::: Available data :::

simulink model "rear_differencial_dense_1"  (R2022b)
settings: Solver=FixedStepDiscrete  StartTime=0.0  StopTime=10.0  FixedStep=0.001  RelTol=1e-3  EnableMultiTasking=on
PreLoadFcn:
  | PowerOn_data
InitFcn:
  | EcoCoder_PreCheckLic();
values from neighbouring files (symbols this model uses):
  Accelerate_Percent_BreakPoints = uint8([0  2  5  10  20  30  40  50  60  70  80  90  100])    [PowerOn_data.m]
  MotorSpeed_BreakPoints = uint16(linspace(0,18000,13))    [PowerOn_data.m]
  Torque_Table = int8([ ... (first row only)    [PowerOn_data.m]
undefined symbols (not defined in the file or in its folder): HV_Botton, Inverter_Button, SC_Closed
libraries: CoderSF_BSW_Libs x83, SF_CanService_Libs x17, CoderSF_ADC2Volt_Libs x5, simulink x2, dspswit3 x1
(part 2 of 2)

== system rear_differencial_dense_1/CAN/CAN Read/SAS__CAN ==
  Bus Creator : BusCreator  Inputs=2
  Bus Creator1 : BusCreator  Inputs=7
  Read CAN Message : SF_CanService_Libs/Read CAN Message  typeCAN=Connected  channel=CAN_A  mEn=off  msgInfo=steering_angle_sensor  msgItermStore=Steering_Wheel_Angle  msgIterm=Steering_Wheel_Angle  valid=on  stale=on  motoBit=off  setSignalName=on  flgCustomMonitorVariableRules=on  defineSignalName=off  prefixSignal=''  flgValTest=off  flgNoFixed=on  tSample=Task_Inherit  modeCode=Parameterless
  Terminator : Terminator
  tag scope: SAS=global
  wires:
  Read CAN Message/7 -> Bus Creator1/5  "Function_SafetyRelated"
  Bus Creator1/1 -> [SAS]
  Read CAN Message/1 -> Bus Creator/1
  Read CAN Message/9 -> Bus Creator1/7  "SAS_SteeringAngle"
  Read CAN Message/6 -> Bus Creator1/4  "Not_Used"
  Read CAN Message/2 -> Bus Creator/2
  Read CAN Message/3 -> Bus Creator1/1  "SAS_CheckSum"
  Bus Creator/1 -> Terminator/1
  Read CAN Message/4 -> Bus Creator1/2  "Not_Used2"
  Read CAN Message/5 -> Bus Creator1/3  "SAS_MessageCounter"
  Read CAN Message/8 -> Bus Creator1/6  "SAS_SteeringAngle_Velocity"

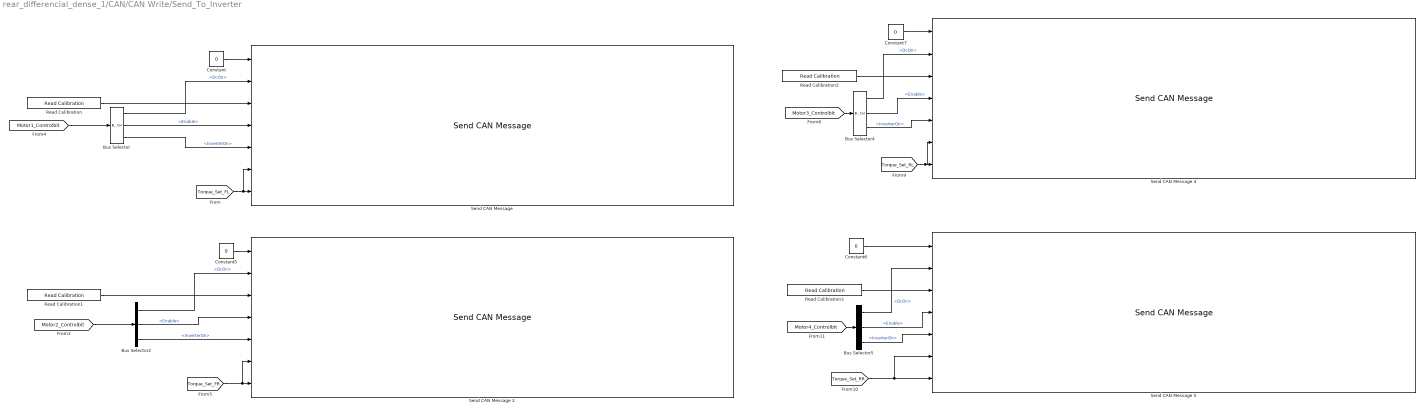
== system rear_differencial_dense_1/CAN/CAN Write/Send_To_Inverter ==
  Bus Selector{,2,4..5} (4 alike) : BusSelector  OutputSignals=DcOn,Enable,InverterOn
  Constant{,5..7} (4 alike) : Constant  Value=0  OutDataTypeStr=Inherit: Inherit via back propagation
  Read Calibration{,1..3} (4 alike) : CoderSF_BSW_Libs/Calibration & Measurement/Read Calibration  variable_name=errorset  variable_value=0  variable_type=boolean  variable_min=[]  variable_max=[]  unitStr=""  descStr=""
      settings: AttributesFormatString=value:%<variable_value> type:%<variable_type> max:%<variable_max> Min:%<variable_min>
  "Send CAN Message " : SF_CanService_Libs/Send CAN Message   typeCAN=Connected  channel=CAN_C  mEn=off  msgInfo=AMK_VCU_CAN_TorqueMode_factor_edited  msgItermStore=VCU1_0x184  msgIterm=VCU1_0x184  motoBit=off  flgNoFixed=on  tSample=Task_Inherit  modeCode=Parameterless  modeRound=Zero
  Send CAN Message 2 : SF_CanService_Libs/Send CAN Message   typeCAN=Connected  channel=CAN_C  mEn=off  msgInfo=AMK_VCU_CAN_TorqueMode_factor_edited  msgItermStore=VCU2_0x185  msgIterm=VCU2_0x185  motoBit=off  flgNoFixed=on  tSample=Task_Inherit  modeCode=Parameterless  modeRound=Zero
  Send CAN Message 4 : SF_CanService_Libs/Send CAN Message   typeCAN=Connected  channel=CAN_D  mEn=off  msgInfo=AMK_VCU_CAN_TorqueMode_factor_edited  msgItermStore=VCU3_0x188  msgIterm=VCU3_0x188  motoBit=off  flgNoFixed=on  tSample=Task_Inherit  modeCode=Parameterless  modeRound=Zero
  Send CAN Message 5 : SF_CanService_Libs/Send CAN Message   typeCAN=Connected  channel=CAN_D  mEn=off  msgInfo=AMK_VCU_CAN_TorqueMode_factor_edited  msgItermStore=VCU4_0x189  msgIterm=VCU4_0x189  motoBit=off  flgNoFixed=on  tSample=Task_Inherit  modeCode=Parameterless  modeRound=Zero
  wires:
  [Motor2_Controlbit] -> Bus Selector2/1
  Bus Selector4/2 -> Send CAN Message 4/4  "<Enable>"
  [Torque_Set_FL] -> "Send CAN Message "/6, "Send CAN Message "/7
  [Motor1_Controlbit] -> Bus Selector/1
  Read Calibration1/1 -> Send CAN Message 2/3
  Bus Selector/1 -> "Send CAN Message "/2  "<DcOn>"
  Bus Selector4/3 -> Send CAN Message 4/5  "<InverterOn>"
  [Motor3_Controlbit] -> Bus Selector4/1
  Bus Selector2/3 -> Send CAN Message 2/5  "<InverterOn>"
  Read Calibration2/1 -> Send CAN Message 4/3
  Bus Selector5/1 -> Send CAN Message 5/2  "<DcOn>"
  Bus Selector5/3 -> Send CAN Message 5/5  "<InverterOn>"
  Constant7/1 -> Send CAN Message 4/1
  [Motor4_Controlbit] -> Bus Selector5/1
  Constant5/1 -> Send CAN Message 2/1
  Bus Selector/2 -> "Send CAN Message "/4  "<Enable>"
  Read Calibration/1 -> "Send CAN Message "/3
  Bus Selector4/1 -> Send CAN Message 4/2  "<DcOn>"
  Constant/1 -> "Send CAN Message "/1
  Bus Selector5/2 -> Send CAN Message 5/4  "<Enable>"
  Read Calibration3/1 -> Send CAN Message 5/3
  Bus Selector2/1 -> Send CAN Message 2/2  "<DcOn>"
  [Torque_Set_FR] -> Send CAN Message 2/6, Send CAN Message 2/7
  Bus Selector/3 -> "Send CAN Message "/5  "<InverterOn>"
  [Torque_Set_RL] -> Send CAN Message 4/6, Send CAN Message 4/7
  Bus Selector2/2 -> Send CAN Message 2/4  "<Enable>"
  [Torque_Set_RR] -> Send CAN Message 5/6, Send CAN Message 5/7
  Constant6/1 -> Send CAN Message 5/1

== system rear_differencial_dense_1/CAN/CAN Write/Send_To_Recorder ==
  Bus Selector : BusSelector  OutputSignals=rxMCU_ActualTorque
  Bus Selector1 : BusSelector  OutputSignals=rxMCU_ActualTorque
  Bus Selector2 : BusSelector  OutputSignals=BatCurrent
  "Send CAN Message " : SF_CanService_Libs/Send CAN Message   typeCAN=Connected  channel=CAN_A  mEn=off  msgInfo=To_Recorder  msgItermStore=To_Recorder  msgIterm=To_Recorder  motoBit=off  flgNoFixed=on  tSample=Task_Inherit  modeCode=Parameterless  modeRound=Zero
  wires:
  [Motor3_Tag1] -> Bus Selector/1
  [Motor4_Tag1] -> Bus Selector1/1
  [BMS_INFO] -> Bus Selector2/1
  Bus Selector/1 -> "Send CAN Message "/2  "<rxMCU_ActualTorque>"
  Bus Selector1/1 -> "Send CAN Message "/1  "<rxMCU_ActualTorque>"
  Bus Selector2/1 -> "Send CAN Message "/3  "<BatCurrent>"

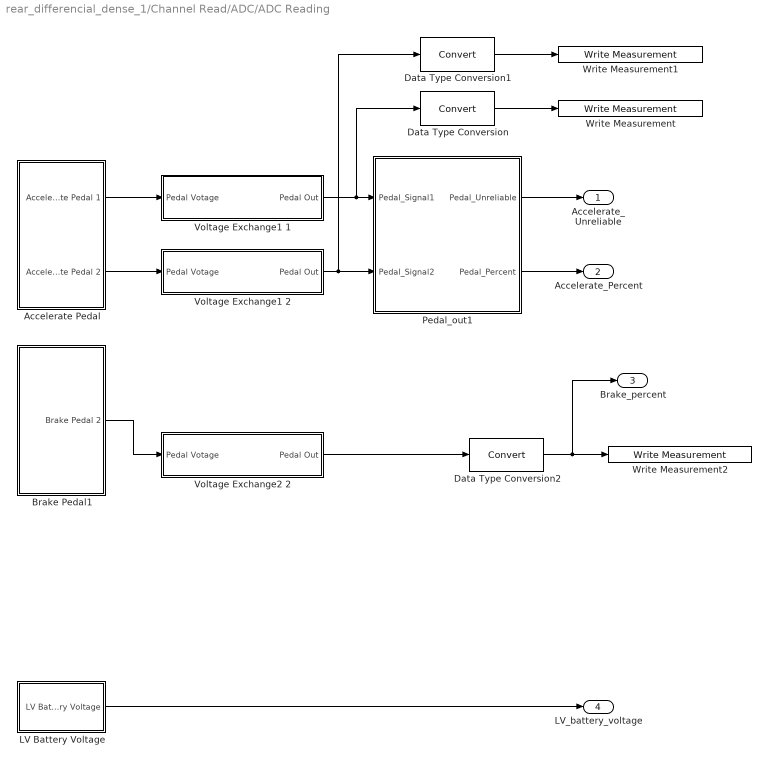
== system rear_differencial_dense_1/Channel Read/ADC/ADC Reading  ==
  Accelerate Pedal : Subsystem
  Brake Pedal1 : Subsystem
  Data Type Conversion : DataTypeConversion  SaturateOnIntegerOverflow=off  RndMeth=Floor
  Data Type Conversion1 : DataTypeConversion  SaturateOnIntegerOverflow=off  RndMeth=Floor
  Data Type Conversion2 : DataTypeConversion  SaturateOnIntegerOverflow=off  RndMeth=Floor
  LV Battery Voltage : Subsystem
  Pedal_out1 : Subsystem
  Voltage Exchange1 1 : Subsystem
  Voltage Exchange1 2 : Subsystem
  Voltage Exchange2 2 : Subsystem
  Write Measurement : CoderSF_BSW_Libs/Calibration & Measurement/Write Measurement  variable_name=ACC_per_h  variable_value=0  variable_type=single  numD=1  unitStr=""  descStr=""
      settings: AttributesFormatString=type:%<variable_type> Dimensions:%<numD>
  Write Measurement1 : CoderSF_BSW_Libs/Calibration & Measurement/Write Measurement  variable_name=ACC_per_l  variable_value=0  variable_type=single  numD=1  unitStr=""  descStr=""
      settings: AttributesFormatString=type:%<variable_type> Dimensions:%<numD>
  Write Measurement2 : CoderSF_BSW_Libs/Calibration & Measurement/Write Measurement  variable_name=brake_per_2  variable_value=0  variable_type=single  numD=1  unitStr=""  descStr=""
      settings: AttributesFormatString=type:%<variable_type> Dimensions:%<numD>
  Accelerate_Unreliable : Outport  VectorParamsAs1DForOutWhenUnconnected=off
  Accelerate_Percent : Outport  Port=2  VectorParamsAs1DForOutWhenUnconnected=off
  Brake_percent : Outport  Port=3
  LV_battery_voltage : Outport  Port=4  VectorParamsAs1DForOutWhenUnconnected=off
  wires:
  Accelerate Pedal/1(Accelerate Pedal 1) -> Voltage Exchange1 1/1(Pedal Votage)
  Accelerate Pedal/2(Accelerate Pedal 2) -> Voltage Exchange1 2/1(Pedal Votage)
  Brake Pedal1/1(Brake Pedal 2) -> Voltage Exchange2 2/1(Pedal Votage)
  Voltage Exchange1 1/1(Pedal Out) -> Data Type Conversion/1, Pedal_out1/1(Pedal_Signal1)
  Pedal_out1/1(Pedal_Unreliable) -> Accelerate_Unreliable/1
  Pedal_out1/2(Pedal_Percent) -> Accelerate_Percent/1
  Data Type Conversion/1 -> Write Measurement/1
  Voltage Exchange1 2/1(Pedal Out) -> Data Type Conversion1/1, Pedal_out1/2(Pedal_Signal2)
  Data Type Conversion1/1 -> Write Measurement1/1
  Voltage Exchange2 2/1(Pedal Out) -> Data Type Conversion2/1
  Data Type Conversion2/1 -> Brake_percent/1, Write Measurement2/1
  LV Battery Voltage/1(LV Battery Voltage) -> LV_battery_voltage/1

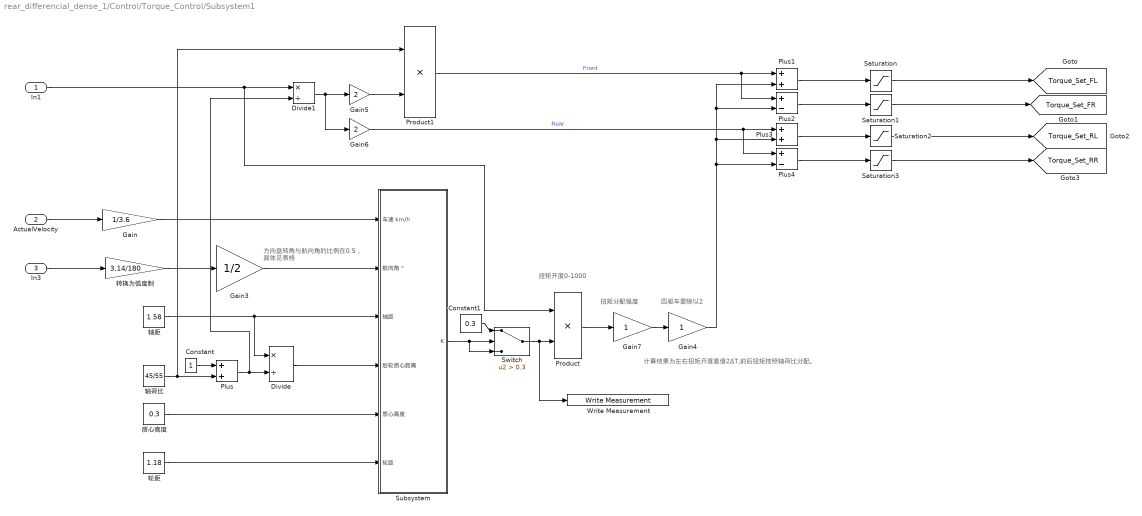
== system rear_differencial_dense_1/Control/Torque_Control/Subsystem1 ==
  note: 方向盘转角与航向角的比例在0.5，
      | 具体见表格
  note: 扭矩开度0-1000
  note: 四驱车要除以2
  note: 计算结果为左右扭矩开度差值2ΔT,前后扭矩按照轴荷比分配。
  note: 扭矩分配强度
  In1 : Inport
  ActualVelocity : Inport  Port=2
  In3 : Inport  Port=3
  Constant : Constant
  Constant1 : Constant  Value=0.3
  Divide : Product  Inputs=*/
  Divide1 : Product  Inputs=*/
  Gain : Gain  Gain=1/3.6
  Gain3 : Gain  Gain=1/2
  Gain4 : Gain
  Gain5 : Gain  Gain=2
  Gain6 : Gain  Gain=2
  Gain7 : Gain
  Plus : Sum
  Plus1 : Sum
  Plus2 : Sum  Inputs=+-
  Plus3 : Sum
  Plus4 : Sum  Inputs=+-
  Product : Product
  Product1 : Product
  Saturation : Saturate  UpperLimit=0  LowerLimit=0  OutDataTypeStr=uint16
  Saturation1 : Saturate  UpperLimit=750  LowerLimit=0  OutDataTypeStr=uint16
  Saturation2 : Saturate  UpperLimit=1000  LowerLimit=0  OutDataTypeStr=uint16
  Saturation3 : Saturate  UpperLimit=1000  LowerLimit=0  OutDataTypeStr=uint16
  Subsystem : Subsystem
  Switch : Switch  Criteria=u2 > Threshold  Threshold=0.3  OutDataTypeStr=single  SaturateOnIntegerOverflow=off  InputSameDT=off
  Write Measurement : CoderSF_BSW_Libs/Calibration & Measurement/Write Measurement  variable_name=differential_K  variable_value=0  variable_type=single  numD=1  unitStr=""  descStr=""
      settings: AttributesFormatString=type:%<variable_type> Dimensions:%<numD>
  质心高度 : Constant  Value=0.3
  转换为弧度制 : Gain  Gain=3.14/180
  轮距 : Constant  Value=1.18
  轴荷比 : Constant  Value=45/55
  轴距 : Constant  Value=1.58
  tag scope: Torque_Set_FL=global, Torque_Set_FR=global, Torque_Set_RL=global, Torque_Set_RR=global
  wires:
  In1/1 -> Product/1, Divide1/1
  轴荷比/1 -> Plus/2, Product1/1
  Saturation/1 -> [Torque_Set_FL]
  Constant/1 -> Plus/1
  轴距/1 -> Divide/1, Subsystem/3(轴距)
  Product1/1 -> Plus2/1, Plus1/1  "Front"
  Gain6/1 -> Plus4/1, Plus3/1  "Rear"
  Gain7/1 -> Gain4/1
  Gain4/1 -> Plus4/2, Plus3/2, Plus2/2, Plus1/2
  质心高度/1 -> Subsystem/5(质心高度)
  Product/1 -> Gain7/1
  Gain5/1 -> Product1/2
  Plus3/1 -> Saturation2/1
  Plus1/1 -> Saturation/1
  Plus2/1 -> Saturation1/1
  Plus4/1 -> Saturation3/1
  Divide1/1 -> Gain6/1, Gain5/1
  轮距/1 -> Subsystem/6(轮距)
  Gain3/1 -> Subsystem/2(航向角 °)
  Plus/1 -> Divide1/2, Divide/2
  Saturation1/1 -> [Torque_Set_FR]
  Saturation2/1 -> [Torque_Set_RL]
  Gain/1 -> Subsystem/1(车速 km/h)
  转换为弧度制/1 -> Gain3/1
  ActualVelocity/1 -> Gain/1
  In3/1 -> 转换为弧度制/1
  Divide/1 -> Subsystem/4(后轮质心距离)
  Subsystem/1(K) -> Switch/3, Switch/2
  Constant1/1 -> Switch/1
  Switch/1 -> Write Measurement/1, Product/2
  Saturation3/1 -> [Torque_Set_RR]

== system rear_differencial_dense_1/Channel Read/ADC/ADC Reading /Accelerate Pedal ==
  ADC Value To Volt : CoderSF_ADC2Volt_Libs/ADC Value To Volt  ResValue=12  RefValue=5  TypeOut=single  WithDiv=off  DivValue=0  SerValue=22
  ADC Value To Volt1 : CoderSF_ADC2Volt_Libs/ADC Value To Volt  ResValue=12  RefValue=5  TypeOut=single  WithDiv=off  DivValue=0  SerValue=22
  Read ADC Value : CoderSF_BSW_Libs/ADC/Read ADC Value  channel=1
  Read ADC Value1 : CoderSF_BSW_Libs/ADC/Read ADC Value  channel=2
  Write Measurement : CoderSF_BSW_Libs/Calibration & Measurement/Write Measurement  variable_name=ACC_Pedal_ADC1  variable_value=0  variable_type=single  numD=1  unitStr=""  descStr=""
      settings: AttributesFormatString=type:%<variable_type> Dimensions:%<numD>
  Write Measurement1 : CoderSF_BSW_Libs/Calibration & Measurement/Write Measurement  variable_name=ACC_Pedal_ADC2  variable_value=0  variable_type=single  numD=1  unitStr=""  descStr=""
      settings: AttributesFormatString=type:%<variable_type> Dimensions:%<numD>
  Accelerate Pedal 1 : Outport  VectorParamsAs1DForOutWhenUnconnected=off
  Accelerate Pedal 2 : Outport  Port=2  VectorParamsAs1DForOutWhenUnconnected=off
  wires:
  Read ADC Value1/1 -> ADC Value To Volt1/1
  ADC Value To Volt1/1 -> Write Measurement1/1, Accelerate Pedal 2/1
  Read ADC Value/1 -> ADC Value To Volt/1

:::

Try it –
Could you restate, word for word, the lines above from the one with "Torque_Set_FR=global, Torque_Set_RL=global, Torque_Set_RR=global" to the one with "Gain7/1 -> Gain4/1", both included?

Answer to this task –
  tag scope: Torque_Set_FL=global, Torque_Set_FR=global, Torque_Set_RL=global, Torque_Set_RR=global
  wires:
  In1/1 -> Product/1, Divide1/1
  轴荷比/1 -> Plus/2, Product1/1
  Saturation/1 -> [Torque_Set_FL]
  Constant/1 -> Plus/1
  轴距/1 -> Divide/1, Subsystem/3(轴距)
  Product1/1 -> Plus2/1, Plus1/1  "Front"
  Gain6/1 -> Plus4/1, Plus3/1  "Rear"
  Gain7/1 -> Gain4/1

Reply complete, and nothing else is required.